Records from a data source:
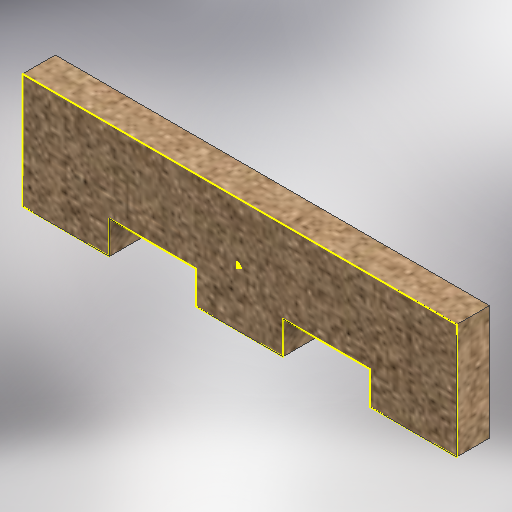
# Autodesk Inventor part: wall1
Saved by Autodesk Inventor 2025 (Build 290162000, 162)
## iProperties
Created: 2024-09-26
Part Number: wall1
Material: MDF Medium Density Fiberboard
Document SubType Name: Modeling
Designer: DANIEL
Density: 0.8 g/cm^3
Appearance: Cardboard - Corrugated
Checked By: FERNANDO
Engr Approved By: ANTONIO
Stock Number: 2
Author: DANIEL
Title: WALL 1
Autodesk Inventor part; units mm, degrees
ref_plane "YZ Plane" through (0, 0, 0) normal (1, 0, 0) x (0, 1, 0)
ref_plane "XZ Plane" through (0, 0, 0) normal (0, 1, 0) x (-1, 0, 0)
ref_plane "XY Plane" through (0, 0, 0) normal (0, 0, 1) x (1, 0, 0)
sketch "Sketch1" plane through (0, 0, 0) normal (0, 0, 1) x (1, 0, 0)
  line L0 (-26.5, 7) -> (26.5, 7)
  line L1 (26.5, 7) -> (26.5, -7)
  line L2 (26.5, -7) -> (-26.5, -7)
  line L3 (-26.5, -7) -> (-26.5, 7)
  line L4 (-26.5, 7) -> (26.5, -7) construction
  line L5 (26.5, 7) -> (-26.5, -7) construction
  line L6 (26.5, -7) -> (15.9, -7)
  line L7 (15.9, -7) -> (15.9, -3)
  line L8 (15.9, -3) -> (26.5, -3)
  line L9 (26.5, -3) -> (26.5, -7)
  line L10 (5.3, -7) -> (5.3, -3)
  line L11 (5.3, -3) -> (15.9, -3)
  line L12 (-5.3, -7) -> (-5.3, -3)
  line L13 (-5.3, -3) -> (5.3, -3)
  line L14 (-15.9, -7) -> (-15.9, -3)
  line L15 (-15.9, -3) -> (-5.3, -3)
  line L16 (-26.5, -7) -> (-26.5, -3)
  line L17 (-26.5, -3) -> (-15.9, -3)
  point P0 (0, 0)
  dimension "d0" = 53
  dimension "d1" = 14
  dimension "d2" = 10.6
  dimension "d3" = 4
  dimension "d6" = 10.6
  constraints: 36 end point, 4 parallel, 3 horizontal, 2 midpoint, 2 perpendicular, 20 other
  measures "d0" distance of L1.end L2.end
  measures "d1" distance of L0.end L1.end
  measures "d2" distance of L7.end L8.end
  measures "d3" distance of L6.end L7.end
  measures "d6" distance of L6.end L10.start
extrude "Extrusion1" add sketch "Sketch1" along normal blind 4 contours L0 L1 L8 L11 L13 L15 L17 L3 | L17 L14 L2 L3 | L1 L2 L7 L8 | L13 L10 L2 L12
sketch "Sketch2" plane through (0, 0, 4) normal (0, 0, 1) x (1, 0, 0)
  line L0 (-26.5, 7) -> (-26.5, -7) projected
  line L1 (-26.5, -7) -> (-15.9, -7) projected
  line L2 (-15.9, -7) -> (-15.9, -3) projected
  line L3 (-15.9, -3) -> (-5.3, -3) projected
  line L4 (-5.3, -3) -> (-5.3, -7) projected
  line L5 (-5.3, -7) -> (5.3, -7) projected
  line L6 (5.3, -7) -> (5.3, -3) projected
  line L7 (5.3, -3) -> (15.9, -3) projected
  line L8 (15.9, -3) -> (15.9, -7) projected
  line L9 (15.9, -7) -> (26.5, -7) projected
  line L10 (26.5, -7) -> (26.5, 7) projected
  line L11 (26.5, 7) -> (-26.5, 7) projected
  point P0 (0, 0)
equation "\"d1\" = height + e"
equation "\"d2\" = 0.2 * d0"
equation "\"d3\" = e"
equation "\"d6\" = d2"
equation "\"d11\" = e"
equation "\"e\" = 4"
equation "\"height\" = 10"
body "Solid1"
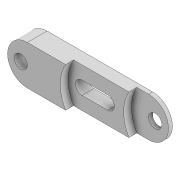
# Autodesk Inventor part: GripP4
Saved by Autodesk Inventor 2021 (Build 250183000, 183)
## iProperties
Created: 2022-09-30
Part Number: GripP4
Material: Generic
Document SubType Name: Modeling
Designer: brian
Density: 1 g/cm^3
Appearance: Default
Mass: 26.7147 g
Surface Area: 94.5739 cm^2
Volume: 26.7147 cm^3
Author: brian
Autodesk Inventor part; units mm, degrees
ref_plane "YZ Plane" through (0, 0, 0) normal (1, 0, 0) x (0, 1, 0)
ref_plane "XZ Plane" through (0, 0, 0) normal (0, 1, 0) x (-1, 0, 0)
ref_plane "XY Plane" through (0, 0, 0) normal (0, 0, 1) x (1, 0, 0)
sketch "Sketch1" plane through (0, 0, 0) normal (0, 0, 1) x (1, 0, 0)
  line L0 (15, 0) -> (95, 0)
  line L1 (110, 15) -> (110, 15)
  line L2 (95, 30) -> (15, 30)
  line L3 (0, 15) -> (0, 15)
  circle A0 centre (10, 15) radius 5
  circle A1 centre (100, 15) radius 5
  arc A2 (110, 15) -> (95, 30) centre (95, 15) ccw
  arc A3 (95, 0) -> (110, 15) centre (95, 15) ccw
  arc A4 (0, 15) -> (15, 0) centre (15, 15) ccw
  arc A5 (15, 30) -> (0, 15) centre (15, 15) ccw
  point P0 (0, 0)
  point P1 (110, 0)
  point P2 (110, 30)
  point P3 (0, 15)
  dimension "d1" = 30
  dimension "d14" = 10
  dimension "d15" = 10
  dimension "d16" = 10
  dimension "d17" = 90
  dimension "d18" = 15
  dimension "d21" = 15
  constraints: 8 end point, 8 point on circle, 8 tangent, 6 centre point, 6 point on line, 4 equal radius, 2 parallel, 1 horizontal, 1 perpendicular
  measures "d1" distance of point (110, 0) point (110, 30)
  measures "d14" diameter of A0
  measures "d15" distance from line of L3 A0.centre
  measures "d16" distance from line of A1.centre L1
  measures "d17" distance of A1.centre A0.centre
  measures "d18" radius of A2
  measures "d21" distance from line of L2 A1.centre
extrude "Extrusion1" add sketch "Sketch1" along normal blind 3
sketch "Sketch2" plane through (0, 0, 3) normal (0, 0, 1) x (1, 0, 0)
  arc A0 (95, 0) -> (95, 30) centre (95, 15) ccw projected
  line L0 (95, 30) -> (15, 30) projected
  arc A1 (15, 30) -> (15, 0) centre (15, 15) ccw projected
  line L1 (15, 0) -> (95, 0) projected
  circle A2 centre (100, 15) radius 5 projected
  circle A3 centre (10, 15) radius 5 projected
  circle A4 centre (100, 15) radius 5 projected
  line L2 (15, 0) -> (95, 0) projected
  line L3 (95, 30) -> (15, 30) projected
  circle A5 centre (112, 15) radius 30
  point P0 (0, 0)
  point P1 (86.0192, 0)
  point P2 (86.0192, 30)
  dimension "d32" = 60
  dimension "d33" = 12
  constraints: 1 centre point, 1 horizontal alignment
  measures "d32" diameter of A5
  measures "d33" distance of A2.centre A5.centre
extrude "Extrusion2" add sketch "Sketch2" along normal blind 6 contours L1 A1 L0 A5
sketch "Sketch3" plane through (0, 0, 0) normal (0, 0, -1) x (-1, 0, 0)
  arc A0 (-95, 30) -> (-95, 0) centre (-95, 15) ccw projected
  line L0 (-15, 0) -> (-95, 0) projected
  arc A1 (-15, 0) -> (-15, 30) centre (-15, 15) ccw projected
  line L1 (-95, 30) -> (-15, 30) projected
  circle A2 centre (-100, 15) radius 5 projected
  circle A3 centre (-10, 15) radius 5 projected
  circle A4 centre (-50.5, 15) radius 5
  circle A5 centre (-70, 15) radius 5
  circle A6 centre (-10, 15) radius 5 projected
  line L2 (-50.5, 20) -> (-70, 20)
  line L3 (-70, 10) -> (-50.5, 10)
  point P0 (0, 0)
  dimension "d26" = 40.5
  dimension "d27" = 30
  dimension "d28" = 10
  constraints: 4 end point, 4 point on circle, 2 centre point, 2 equal radius, 2 horizontal alignment, 2 tangent
  measures "d26" distance of A3.centre A4.centre
  measures "d27" distance of A2.centre A5.centre
  measures "d28" diameter of A3
extrude "Extrusion3" cut sketch "Sketch3" against normal up to surface (9 mm away) contours A4 | A4 L3 A5 L2 | A5
sketch "Sketch4" plane through (0, 0, 9) normal (0, 0, 1) x (1, 0, 0)
  line L0 (70, 10) -> (50.5, 10) projected
  arc A0 (50.5, 20) -> (50.5, 10) centre (50.5, 15) ccw projected
  line L1 (50.5, 20) -> (70, 20) projected
  arc A1 (70, 10) -> (70, 20) centre (70, 15) ccw projected
  line L2 (15, 0) -> (86.0192, 0) projected
  arc A2 (86.0192, 30) -> (86.0192, 0) centre (112, 15) ccw projected
  line L3 (86.0192, 30) -> (15, 30) projected
  arc A3 (15, 30) -> (15, 0) centre (15, 15) ccw projected
  circle A4 centre (10, 15) radius 5 projected
  circle A5 centre (70, 15) radius 15
  line L4 (15, 0) -> (95, 0) projected
  circle A6 centre (70, 15) radius 30
  point P0 (0, 0)
  point P1 (44.0192, 0)
  point P2 (44.0192, 30)
  dimension "d34" = 60
  dimension "d35" = 60
  constraints: 2 centre point, 1 coincident, 1 horizontal alignment, 1 tangent
  measures "d34" distance of A4.centre A5.centre
  measures "d35" diameter of A6
extrude "Extrusion4" add sketch "Sketch4" along normal blind 6 contours L2 A3 L3 A6
sketch "Sketch5" plane through (0, 0, 0) normal (0, 0, -1) x (-1, 0, 0)
  circle A0 centre (-30.25, 15) radius 2.5
  arc A1 (-50.5, 10) -> (-50.5, 20) centre (-50.5, 15) ccw projected
  circle A2 centre (-10, 15) radius 5 projected
  point P0 (0, 0)
  dimension "d38" = 5
  dimension "d39" = 40.5
  dimension "d40" = 20.25
  constraints: 1 centre point, 1 horizontal alignment
  measures "d38" diameter of A0
  measures "d39" distance of A1.centre A2.centre
  measures "d40" distance of A1.centre A0.centre
extrude "Extrusion5" cut sketch "Sketch5" against normal blind 0.1 contours A0
equation "\"d1\" = d0"
equation "\"d14\" = d6"
equation "\"d15\" = d14"
equation "\"d16\" = d15"
equation "\"d18\" = 0.5 * d1"
equation "\"d21\" = 0.5 * d1"
equation "\"d19\" = d11"
equation "\"d32\" = 2 * d0"
equation "\"d33\" = 0.4 * d0"
equation "\"d22\" = 2 * d11"
equation "\"d26\" = 1.35 * d0"
equation "\"d27\" = d0"
equation "\"d34\" = 2 * d0"
equation "\"d35\" = 2 * d0"
equation "\"d36\" = 2 * d11"
equation "\"d40\" = 0.5 * d39"
equation "\"d6\" = 10"
equation "\"d11\" = 3"
equation "\"d0\" = 30"
body "Solid1"

_Exercise_
There is a line with "of A3.centre A4.centre" and a line with "arc A1 (70, 10)" above. Copy exactly those two lines and all lines between them, with nothing else.

_Problem solution_
  measures "d26" distance of A3.centre A4.centre
  measures "d27" distance of A2.centre A5.centre
  measures "d28" diameter of A3
extrude "Extrusion3" cut sketch "Sketch3" against normal up to surface (9 mm away) contours A4 | A4 L3 A5 L2 | A5
sketch "Sketch4" plane through (0, 0, 9) normal (0, 0, 1) x (1, 0, 0)
  line L0 (70, 10) -> (50.5, 10) projected
  arc A0 (50.5, 20) -> (50.5, 10) centre (50.5, 15) ccw projected
  line L1 (50.5, 20) -> (70, 20) projected
  arc A1 (70, 10) -> (70, 20) centre (70, 15) ccw projected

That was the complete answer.